## Brief
Reproduce the lines below from the one that contains "state SV_Effective" through the end, inclusive, and add nothing.

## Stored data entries
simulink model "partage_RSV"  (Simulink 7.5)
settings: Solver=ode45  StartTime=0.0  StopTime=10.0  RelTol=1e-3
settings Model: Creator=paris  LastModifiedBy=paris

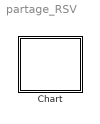
== system partage_RSV ==
  Chart : Stateflow chart  TreatAsAtomicUnit=on

== stateflow chart Chart ==
  state Risque_Sortie_Voie
    state Dans_Voie
    state SV_Possible
    state SV_Imminente
    state SV_Effective
    (default) -> Dans_Voie
    SV_Effective -> Dans_Voie : [ml.etat_SV==0]
    Dans_Voie -> SV_Possible : [ml.tlcCalcule<=3]
    SV_Possible -> SV_Imminente : [ml.tlcCalcule<=1.5]
    SV_Imminente -> SV_Effective : [ml.tlcCalcule<=0]

## Answer section
    state SV_Effective
    (default) -> Dans_Voie
    SV_Effective -> Dans_Voie : [ml.etat_SV==0]
    Dans_Voie -> SV_Possible : [ml.tlcCalcule<=3]
    SV_Possible -> SV_Imminente : [ml.tlcCalcule<=1.5]
    SV_Imminente -> SV_Effective : [ml.tlcCalcule<=0]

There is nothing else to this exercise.